Exercise:
Please print exactly the line containing "Sum/1 -> Anti-aliasing/1, To Workspace4/1" and every line after it to the end of the records below, and nothing more.

[Stored records]
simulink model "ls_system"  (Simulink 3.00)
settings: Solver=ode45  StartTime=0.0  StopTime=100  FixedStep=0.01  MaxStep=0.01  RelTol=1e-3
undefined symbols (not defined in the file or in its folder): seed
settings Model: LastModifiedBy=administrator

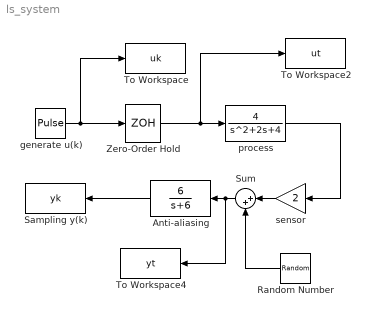
== system ls_system ==
  Anti-aliasing : TransferFcn  Orientation=left  Numerator=[6]  Denominator=[1 6]
  Random Number : RandomNumber  Orientation=left  Mean=0  Variance=0.00001  Seed=seed  SampleTime=0.01
  Sampling y(k) : ToWorkspace  VariableName=yk  SampleTime=0.5  SaveFormat=Matrix
  Sum : Sum  Orientation=left  Inputs=|++  SaturateOnIntegerOverflow=on
  To Workspace : ToWorkspace  VariableName=uk  SampleTime=0.5  SaveFormat=Matrix
  To Workspace2 : ToWorkspace  VariableName=ut  SampleTime=0.01  SaveFormat=Matrix
  To Workspace4 : ToWorkspace  VariableName=yt  SampleTime=0.01  SaveFormat=Matrix
  Zero-Order Hold : ZeroOrderHold  SampleTime=0.5
  generate u(k) : DiscretePulseGenerator  Amplitude=1  Period=30  PulseWidth=15  PhaseDelay=0  SampleTime=0.5
  process : TransferFcn  Numerator=[4]  Denominator=[1 2 4]
  sensor : Gain  Orientation=left  Gain=2  SaturateOnIntegerOverflow=on
  wires:
  generate u(k)/1 -> Zero-Order Hold/1, To Workspace/1
  Anti-aliasing/1 -> Sampling y(k)/1
  Zero-Order Hold/1 -> process/1, To Workspace2/1
  sensor/1 -> Sum/1
  Random Number/1 -> Sum/2
  Sum/1 -> Anti-aliasing/1, To Workspace4/1
  process/1 -> sensor/1

The answer:
  Sum/1 -> Anti-aliasing/1, To Workspace4/1
  process/1 -> sensor/1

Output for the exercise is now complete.